The Land Court Act, 2023 (Act 6 of 2023) likewise created a dedicated forum for the resolution of land disputes, a matter of no small consequence in a country whose land history remains one of its most contested and emotionally charged inheritances. These developments are significant because access to justice is a substantive constitutional obligation, one that extends beyond the mere existence of courts to encompass whether those courts are practically accessible, procedurally comprehensible, and institutionally equipped to serve those who have historically been furthest from them.
The Bill of Rights
If the justice system provides one category of proof, the advancement of human rights provides another, and it is here that the Constitution's responsiveness is perhaps most vividly demonstrated.
At the nub of the constitutional dispensation lies the Bill of Rights. Chapter 2 does something ambitious that, thirty years on, still deserves appreciation, specifically in that it refuses to treat civil and political rights as somehow more real or more pressing than socio-economic rights.
The right to equality, to human dignity, to privacy, and to freedom of expression are articulated alongside the rights to housing, healthcare, food, water, and education.
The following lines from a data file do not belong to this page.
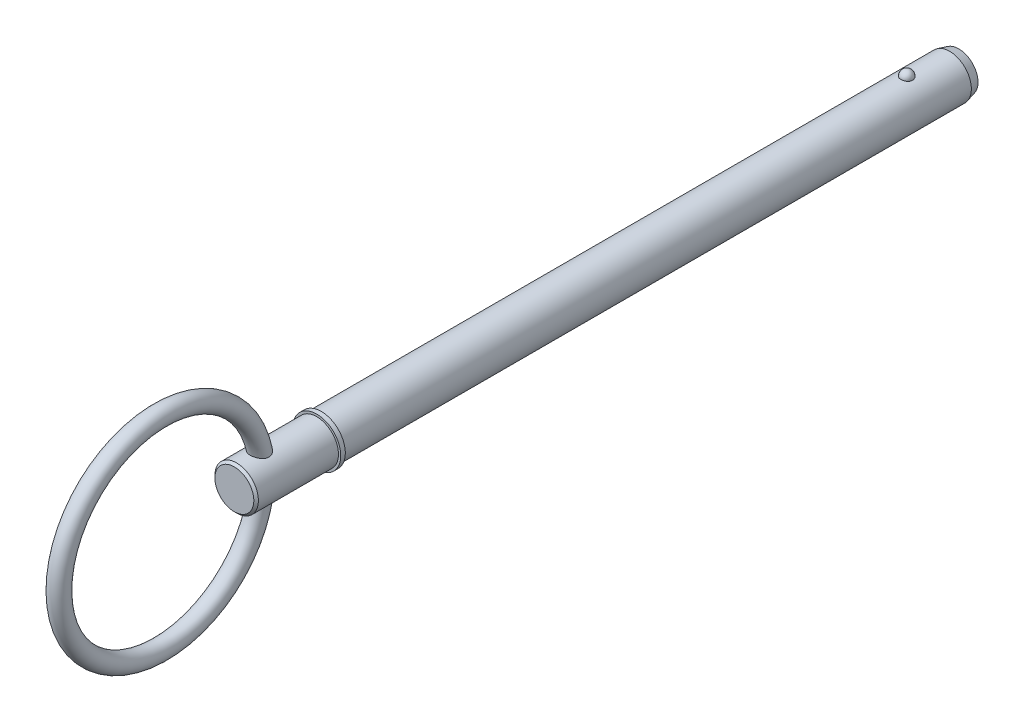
ISO-10303-21;
HEADER;
FILE_DESCRIPTION(('STEP AP214'),'2;1');
FILE_NAME('part.step','',(''),(''),'','','');
FILE_SCHEMA(('AUTOMOTIVE_DESIGN { 1 0 10303 214 1 1 1 1 }'));
ENDSEC;
DATA;
#1=APPLICATION_CONTEXT('core data for automotive mechanical design processes');
#2=APPLICATION_PROTOCOL_DEFINITION('international standard','automotive_design',2000,#1);
#3=PRODUCT_CONTEXT('',#1,'mechanical');
#4=PRODUCT('Part','Part','',(#3));
#5=PRODUCT_RELATED_PRODUCT_CATEGORY('part','',(#4));
#6=PRODUCT_DEFINITION_FORMATION('','',#4);
#7=PRODUCT_DEFINITION_CONTEXT('part definition',#1,'design');
#8=PRODUCT_DEFINITION('design','',#6,#7);
#9=PRODUCT_DEFINITION_SHAPE('','',#8);
#10=(LENGTH_UNIT() NAMED_UNIT(*) SI_UNIT(.MILLI.,.METRE.));
#11=(NAMED_UNIT(*) PLANE_ANGLE_UNIT() SI_UNIT($,.RADIAN.));
#12=(NAMED_UNIT(*) SI_UNIT($,.STERADIAN.) SOLID_ANGLE_UNIT());
#13=UNCERTAINTY_MEASURE_WITH_UNIT(LENGTH_MEASURE(1.E-05),#10,'distance_accuracy_value','');
#14=(GEOMETRIC_REPRESENTATION_CONTEXT(3) GLOBAL_UNCERTAINTY_ASSIGNED_CONTEXT((#13)) GLOBAL_UNIT_ASSIGNED_CONTEXT((#10,
#11,#12)) REPRESENTATION_CONTEXT('',''));
#15=CARTESIAN_POINT('',(0.,0.,0.));
#16=DIRECTION('',(0.,0.,1.));
#17=DIRECTION('',(1.,0.,0.));
#18=AXIS2_PLACEMENT_3D('',#15,#16,#17);
#19=CARTESIAN_POINT('',(0.,0.,127.));
#20=DIRECTION('',(0.,0.,-1.));
#21=DIRECTION('',(-1.,0.,0.));
#22=AXIS2_PLACEMENT_3D('',#19,#20,#21);
#23=CYLINDRICAL_SURFACE('',#22,4.765);
#24=CARTESIAN_POINT('',(1.27812710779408,4.59038300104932,-1.28999999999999));
#25=CARTESIAN_POINT('',(1.27812572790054,4.59038414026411,-1.21786886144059));
#26=CARTESIAN_POINT('',(1.27223018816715,4.59203736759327,-1.14572000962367));
#27=CARTESIAN_POINT('',(1.24878929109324,4.59846646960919,-1.00346315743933));
#28=CARTESIAN_POINT('',(1.23123896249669,4.60324367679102,-0.933356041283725));
#29=CARTESIAN_POINT('',(1.18493861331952,4.61537801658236,-0.797215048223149));
#30=CARTESIAN_POINT('',(1.15619354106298,4.62273400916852,-0.731179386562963));
#31=CARTESIAN_POINT('',(1.08822596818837,4.6392032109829,-0.604986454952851));
#32=CARTESIAN_POINT('',(1.04900384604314,4.64831635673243,-0.544828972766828));
#33=CARTESIAN_POINT('',(0.960865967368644,4.66733302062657,-0.431775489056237));
#34=CARTESIAN_POINT('',(0.911906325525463,4.67723999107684,-0.378914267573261));
#35=CARTESIAN_POINT('',(0.805678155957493,4.69670280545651,-0.282245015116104));
#36=CARTESIAN_POINT('',(0.748409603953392,4.70625864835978,-0.238437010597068));
#37=CARTESIAN_POINT('',(0.627266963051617,4.72392767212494,-0.161207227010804));
#38=CARTESIAN_POINT('',(0.563411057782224,4.73204466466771,-0.127757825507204));
#39=CARTESIAN_POINT('',(0.430755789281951,4.74595788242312,-0.0720471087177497));
#40=CARTESIAN_POINT('',(0.361956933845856,4.75175434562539,-0.0497846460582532));
#41=CARTESIAN_POINT('',(0.222605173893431,4.76030056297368,-0.0173750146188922));
#42=CARTESIAN_POINT('',(0.152101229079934,4.76309991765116,-0.00703038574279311));
#43=CARTESIAN_POINT('',(0.0103009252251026,4.76551622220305,0.00191361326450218));
#44=CARTESIAN_POINT('',(-0.0609953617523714,4.76513345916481,0.000514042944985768));
#45=CARTESIAN_POINT('',(-0.201348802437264,4.76125496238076,-0.0138891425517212));
#46=CARTESIAN_POINT('',(-0.270423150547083,4.75780093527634,-0.0267372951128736));
#47=CARTESIAN_POINT('',(-0.405377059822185,4.74820737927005,-0.0634598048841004));
#48=CARTESIAN_POINT('',(-0.471256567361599,4.74206780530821,-0.0873343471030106));
#49=CARTESIAN_POINT('',(-0.598375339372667,4.72771507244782,-0.145611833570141));
#50=CARTESIAN_POINT('',(-0.659587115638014,4.71949070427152,-0.180071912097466));
#51=CARTESIAN_POINT('',(-0.775356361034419,4.70185936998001,-0.258542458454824));
#52=CARTESIAN_POINT('',(-0.8299131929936,4.69245229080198,-0.302553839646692));
#53=CARTESIAN_POINT('',(-0.931895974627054,4.67327936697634,-0.399829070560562));
#54=CARTESIAN_POINT('',(-0.979176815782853,4.66351011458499,-0.453244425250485));
#55=CARTESIAN_POINT('',(-1.06421220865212,4.64484426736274,-0.567321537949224));
#56=CARTESIAN_POINT('',(-1.10196613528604,4.63594772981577,-0.627983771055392));
#57=CARTESIAN_POINT('',(-1.16735225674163,4.61992036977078,-0.755585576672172));
#58=CARTESIAN_POINT('',(-1.19487251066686,4.61280933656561,-0.822585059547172));
#59=CARTESIAN_POINT('',(-1.23851975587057,4.60128324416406,-0.960417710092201));
#60=CARTESIAN_POINT('',(-1.25464705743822,4.59686811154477,-1.03125077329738));
#61=CARTESIAN_POINT('',(-1.27505790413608,4.59124882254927,-1.17443804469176));
#62=CARTESIAN_POINT('',(-1.27938868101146,4.59003186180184,-1.246785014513));
#63=CARTESIAN_POINT('',(-1.27623192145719,4.5909105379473,-1.39119892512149));
#64=CARTESIAN_POINT('',(-1.26874468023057,4.59300609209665,-1.46326587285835));
#65=CARTESIAN_POINT('',(-1.24220427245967,4.60025423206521,-1.60473192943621));
#66=CARTESIAN_POINT('',(-1.2232043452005,4.60539274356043,-1.67414176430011));
#67=CARTESIAN_POINT('',(-1.17415910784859,4.61813957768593,-1.80870154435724));
#68=CARTESIAN_POINT('',(-1.1441133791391,4.62574799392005,-1.87385132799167));
#69=CARTESIAN_POINT('',(-1.07354327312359,4.64263368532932,-1.99841604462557));
#70=CARTESIAN_POINT('',(-1.03296580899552,4.65191934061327,-2.05779976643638));
#71=CARTESIAN_POINT('',(-0.942433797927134,4.67110036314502,-2.16881966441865));
#72=CARTESIAN_POINT('',(-0.892478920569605,4.68099575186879,-2.22045556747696));
#73=CARTESIAN_POINT('',(-0.784302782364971,4.70033161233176,-2.31471696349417));
#74=CARTESIAN_POINT('',(-0.726054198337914,4.70977043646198,-2.35731146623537));
#75=CARTESIAN_POINT('',(-0.602997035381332,4.72709995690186,-2.43206620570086));
#76=CARTESIAN_POINT('',(-0.538188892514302,4.73499075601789,-2.46422713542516));
#77=CARTESIAN_POINT('',(-0.404639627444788,4.7482563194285,-2.5168745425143));
#78=CARTESIAN_POINT('',(-0.335953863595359,4.7536596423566,-2.53749415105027));
#79=CARTESIAN_POINT('',(-0.195948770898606,4.76148510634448,-2.5670372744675));
#80=CARTESIAN_POINT('',(-0.124629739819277,4.76390758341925,-2.5759621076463));
#81=CARTESIAN_POINT('',(0.0172696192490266,4.76548774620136,-2.5818033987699));
#82=CARTESIAN_POINT('',(0.0878407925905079,4.76470225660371,-2.57892886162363));
#83=CARTESIAN_POINT('',(0.227467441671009,4.76008019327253,-2.561726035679));
#84=CARTESIAN_POINT('',(0.296522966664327,4.75624371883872,-2.5473981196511));
#85=CARTESIAN_POINT('',(0.430942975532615,4.74595041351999,-2.50776251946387));
#86=CARTESIAN_POINT('',(0.496319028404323,4.7395023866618,-2.4824917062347));
#87=CARTESIAN_POINT('',(0.621860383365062,4.72467083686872,-2.42167301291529));
#88=CARTESIAN_POINT('',(0.682025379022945,4.71628720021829,-2.38612452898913));
#89=CARTESIAN_POINT('',(0.796409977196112,4.69833598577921,-2.30511163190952));
#90=CARTESIAN_POINT('',(0.850529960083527,4.68875291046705,-2.25951003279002));
#91=CARTESIAN_POINT('',(0.950412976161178,4.66953243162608,-2.15992428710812));
#92=CARTESIAN_POINT('',(0.996174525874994,4.65989501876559,-2.1059386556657));
#93=CARTESIAN_POINT('',(1.07885962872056,4.64145616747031,-1.99009376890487));
#94=CARTESIAN_POINT('',(1.11562789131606,4.63267081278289,-1.92812106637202));
#95=CARTESIAN_POINT('',(1.17840570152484,4.61710269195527,-1.79873681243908));
#96=CARTESIAN_POINT('',(1.20441973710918,4.61031909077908,-1.73132754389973));
#97=CARTESIAN_POINT('',(1.24242116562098,4.60021170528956,-1.60192906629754));
#98=CARTESIAN_POINT('',(1.25578772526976,4.59655387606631,-1.54036674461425));
#99=CARTESIAN_POINT('',(1.27364121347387,4.59163904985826,-1.41587409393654));
#100=CARTESIAN_POINT('',(1.2781283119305,4.59038200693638,-1.35294379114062));
#101=CARTESIAN_POINT('',(1.27812710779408,4.59038300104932,-1.28999999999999));
#102=B_SPLINE_CURVE_WITH_KNOTS('',3,(#24,#25,#26,#27,#28,#29,#30,#31,#32,#33,#34,#35,#36,#37,
#38,#39,#40,#41,#42,#43,#44,#45,#46,#47,#48,#49,#50,#51,#52,#53,#54,#55,#56,#57,#58,#59,#60,#61,
#62,#63,#64,#65,#66,#67,#68,#69,#70,#71,#72,#73,#74,#75,#76,#77,#78,#79,#80,#81,#82,#83,#84,#85,
#86,#87,#88,#89,#90,#91,#92,#93,#94,#95,#96,#97,#98,#99,#100,#101),.UNSPECIFIED.,.T.,.F.,(4,2,2,
2,2,2,2,2,2,2,2,2,2,2,2,2,2,2,2,2,2,2,2,2,2,2,2,2,2,2,2,2,2,2,2,2,2,2,4),(0.,0.216167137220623,
0.432426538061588,0.648590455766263,0.864746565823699,1.0818998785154,1.29905382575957,
1.51562361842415,1.73217119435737,1.94507683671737,2.15796327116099,2.36800220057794,
2.57804465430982,2.78924132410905,3.00045819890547,3.21545551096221,3.43046692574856,
3.64776550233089,3.8650581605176,4.08147951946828,4.29789547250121,4.51331818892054,
4.72874907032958,4.94528769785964,5.16183395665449,5.37911087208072,5.59637335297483,
5.8110751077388,6.02575265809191,6.23664413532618,6.44752874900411,6.65770827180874,
6.86790014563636,7.08116060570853,7.29445887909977,7.51121476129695,7.72788009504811,
7.91651762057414,8.10515153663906),.UNSPECIFIED.);
#103=CARTESIAN_POINT('',(1.27812710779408,4.59038300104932,-1.28999999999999));
#104=VERTEX_POINT('',#103);
#105=EDGE_CURVE('E102',#104,#104,#102,.T.);
#106=ORIENTED_EDGE('',*,*,#105,.T.);
#107=EDGE_LOOP('',(#106));
#108=FACE_BOUND('',#107,.T.);
#109=CARTESIAN_POINT('',(0.,0.,-10.6999999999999));
#110=DIRECTION('',(0.,0.,-1.));
#111=DIRECTION('',(-1.,0.,0.));
#112=AXIS2_PLACEMENT_3D('',#109,#110,#111);
#113=CIRCLE('',#112,4.765);
#114=CARTESIAN_POINT('',(-4.765,0.,-10.6999999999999));
#115=VERTEX_POINT('',#114);
#116=EDGE_CURVE('E109',#115,#115,#113,.F.);
#117=ORIENTED_EDGE('',*,*,#116,.T.);
#118=EDGE_LOOP('',(#117));
#119=FACE_BOUND('',#118,.T.);
#120=CARTESIAN_POINT('',(0.,0.,127.));
#121=DIRECTION('',(0.,0.,1.));
#122=DIRECTION('',(1.,0.,0.));
#123=AXIS2_PLACEMENT_3D('',#120,#121,#122);
#124=CIRCLE('',#123,4.765);
#125=CARTESIAN_POINT('',(4.765,0.,127.));
#126=VERTEX_POINT('',#125);
#127=EDGE_CURVE('E107',#126,#126,#124,.T.);
#128=ORIENTED_EDGE('',*,*,#127,.F.);
#129=EDGE_LOOP('',(#128));
#130=FACE_BOUND('',#129,.T.);
#131=ADVANCED_FACE('F39',(#108,#119,#130),#23,.T.);
#132=CARTESIAN_POINT('',(0.,0.,-12.7));
#133=DIRECTION('',(0.,0.,-1.));
#134=DIRECTION('',(-1.,0.,0.));
#135=AXIS2_PLACEMENT_3D('',#132,#133,#134);
#136=PLANE('',#135);
#137=CARTESIAN_POINT('',(0.,0.,-12.7));
#138=DIRECTION('',(0.,0.,-1.));
#139=DIRECTION('',(-1.,0.,0.));
#140=AXIS2_PLACEMENT_3D('',#137,#138,#139);
#141=CIRCLE('',#140,4.22910161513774);
#142=CARTESIAN_POINT('',(-4.22910161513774,0.,-12.7));
#143=VERTEX_POINT('',#142);
#144=EDGE_CURVE('E142',#143,#143,#141,.T.);
#145=ORIENTED_EDGE('',*,*,#144,.T.);
#146=EDGE_LOOP('',(#145));
#147=FACE_BOUND('',#146,.T.);
#148=ADVANCED_FACE('F88',(#147),#136,.T.);
#149=CARTESIAN_POINT('',(0.,0.,-12.7));
#150=DIRECTION('',(0.,0.,1.));
#151=DIRECTION('',(1.,0.,0.));
#152=AXIS2_PLACEMENT_3D('',#149,#150,#151);
#153=CONICAL_SURFACE('',#152,4.22910161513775,0.261799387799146);
#154=ORIENTED_EDGE('',*,*,#116,.F.);
#155=EDGE_LOOP('',(#154));
#156=FACE_BOUND('',#155,.T.);
#157=ORIENTED_EDGE('',*,*,#144,.F.);
#158=EDGE_LOOP('',(#157));
#159=FACE_BOUND('',#158,.T.);
#160=ADVANCED_FACE('F94',(#156,#159),#153,.T.);
#161=CARTESIAN_POINT('',(0.,4.765,-1.28999999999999));
#162=DIRECTION('',(0.,1.,0.));
#163=DIRECTION('',(0.,0.,-1.));
#164=AXIS2_PLACEMENT_3D('',#161,#162,#163);
#165=SPHERICAL_SURFACE('',#164,1.29);
#166=ORIENTED_EDGE('',*,*,#105,.F.);
#167=EDGE_LOOP('',(#166));
#168=FACE_BOUND('',#167,.T.);
#169=ADVANCED_FACE('F112',(#168),#165,.T.);
#170=CARTESIAN_POINT('',(0.,0.,127.));
#171=DIRECTION('',(0.,0.,-1.));
#172=DIRECTION('',(-1.,0.,0.));
#173=AXIS2_PLACEMENT_3D('',#170,#171,#172);
#174=PLANE('',#173);
#175=ORIENTED_EDGE('',*,*,#127,.T.);
#176=EDGE_LOOP('',(#175));
#177=FACE_BOUND('',#176,.T.);
#178=CARTESIAN_POINT('',(0.,0.,127.));
#179=DIRECTION('',(0.,0.,-1.));
#180=DIRECTION('',(-1.,0.,0.));
#181=AXIS2_PLACEMENT_3D('',#178,#179,#180);
#182=CIRCLE('',#181,5.265);
#183=CARTESIAN_POINT('',(-5.265,0.,127.));
#184=VERTEX_POINT('',#183);
#185=EDGE_CURVE('E108',#184,#184,#182,.T.);
#186=ORIENTED_EDGE('',*,*,#185,.T.);
#187=EDGE_LOOP('',(#186));
#188=FACE_BOUND('',#187,.T.);
#189=ADVANCED_FACE('F116',(#177,#188),#174,.T.);
#190=CARTESIAN_POINT('',(0.,0.,33.7287874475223));
#191=DIRECTION('',(0.,0.,-1.));
#192=DIRECTION('',(-1.,0.,0.));
#193=AXIS2_PLACEMENT_3D('',#190,#191,#192);
#194=CYLINDRICAL_SURFACE('',#193,5.265);
#195=CARTESIAN_POINT('',(0.,0.,128.));
#196=DIRECTION('',(0.,0.,-1.));
#197=DIRECTION('',(-1.,0.,0.));
#198=AXIS2_PLACEMENT_3D('',#195,#196,#197);
#199=CIRCLE('',#198,5.265);
#200=CARTESIAN_POINT('',(-5.265,0.,128.));
#201=VERTEX_POINT('',#200);
#202=EDGE_CURVE('E133',#201,#201,#199,.T.);
#203=ORIENTED_EDGE('',*,*,#202,.T.);
#204=EDGE_LOOP('',(#203));
#205=FACE_BOUND('',#204,.T.);
#206=ORIENTED_EDGE('',*,*,#185,.F.);
#207=EDGE_LOOP('',(#206));
#208=FACE_BOUND('',#207,.T.);
#209=ADVANCED_FACE('F120',(#205,#208),#194,.T.);
#210=CARTESIAN_POINT('',(0.,5.265,128.));
#211=DIRECTION('',(0.,0.,1.));
#212=DIRECTION('',(1.,0.,0.));
#213=AXIS2_PLACEMENT_3D('',#210,#211,#212);
#214=PLANE('',#213);
#215=CARTESIAN_POINT('',(0.,0.,128.));
#216=DIRECTION('',(0.,0.,1.));
#217=DIRECTION('',(1.,0.,0.));
#218=AXIS2_PLACEMENT_3D('',#215,#216,#217);
#219=CIRCLE('',#218,4.765);
#220=CARTESIAN_POINT('',(4.765,0.,128.));
#221=VERTEX_POINT('',#220);
#222=EDGE_CURVE('E111',#221,#221,#219,.T.);
#223=ORIENTED_EDGE('',*,*,#222,.F.);
#224=EDGE_LOOP('',(#223));
#225=FACE_BOUND('',#224,.T.);
#226=ORIENTED_EDGE('',*,*,#202,.F.);
#227=EDGE_LOOP('',(#226));
#228=FACE_BOUND('',#227,.T.);
#229=ADVANCED_FACE('F85',(#225,#228),#214,.T.);
#230=CARTESIAN_POINT('',(0.,0.,146.05));
#231=DIRECTION('',(0.,0.,-1.));
#232=DIRECTION('',(-1.,0.,0.));
#233=AXIS2_PLACEMENT_3D('',#230,#231,#232);
#234=CYLINDRICAL_SURFACE('',#233,4.765);
#235=CARTESIAN_POINT('',(-1.17603588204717,-4.61759294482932,138.88372006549));
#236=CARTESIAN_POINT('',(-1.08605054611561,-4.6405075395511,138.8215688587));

These rights are far beyond aspirational ornaments; they are justiciable entitlements, enforceable in courts of law
What makes their entrenchment particularly significant is that it does not freeze them in time.
The Constitution's interpretive framework obliges courts to develop the content of rights in a manner that responds to present-day circumstances and evolving understandings of human dignity.
Legislation giving effect to this vision has progressively extended the Constitution's reach into the everyday encounters citizens have with government, addressing unfair discrimination, protecting access to information, and insisting on transparency, lawfulness, and reasonableness as conditions of legitimate administrative action.
Areas to improve
What the record of these thirty years also reveals, however, is that the communities that bore the heaviest cost of apartheid's deliberate impoverishment have not experienced the pace of transformation that the Constitution's provisions reasonably implied.
Those who were systematically denied access to property, education, and the basic conditions of a dignified life have found that, while the legal order has been fundamentally recast, their material circumstances have not shifted with commensurate decisiveness.
Corruption, persistent resource constraints, and uneven implementation have each, in different measure, drawn the pace of delivery away from what the legal framework envisioned.
The consequence is a constitutional democracy in which the law has advanced with considerably greater speed and clarity than the material reality it was expressly designed to transform, not because the framework is wanting, but because the administrative and financial conditions necessary to give it full effect have not been consistently sustained.
This is the central tension that three decades of constitutional democracy has not yet resolved. The framework has proven its durability, in the courts, the legislature, and in the institutions created to give it effect.
What has not kept pace is the translation of that framework into the daily lives of those it was most urgently intended to serve. That remains the most consequential measure by which this constitutional project will continue to be assessed..
*This message is part of a speech delivered by Minister Kubayi at the launch of the 30-Year Anniversary of the Constitution and Human Rights Month.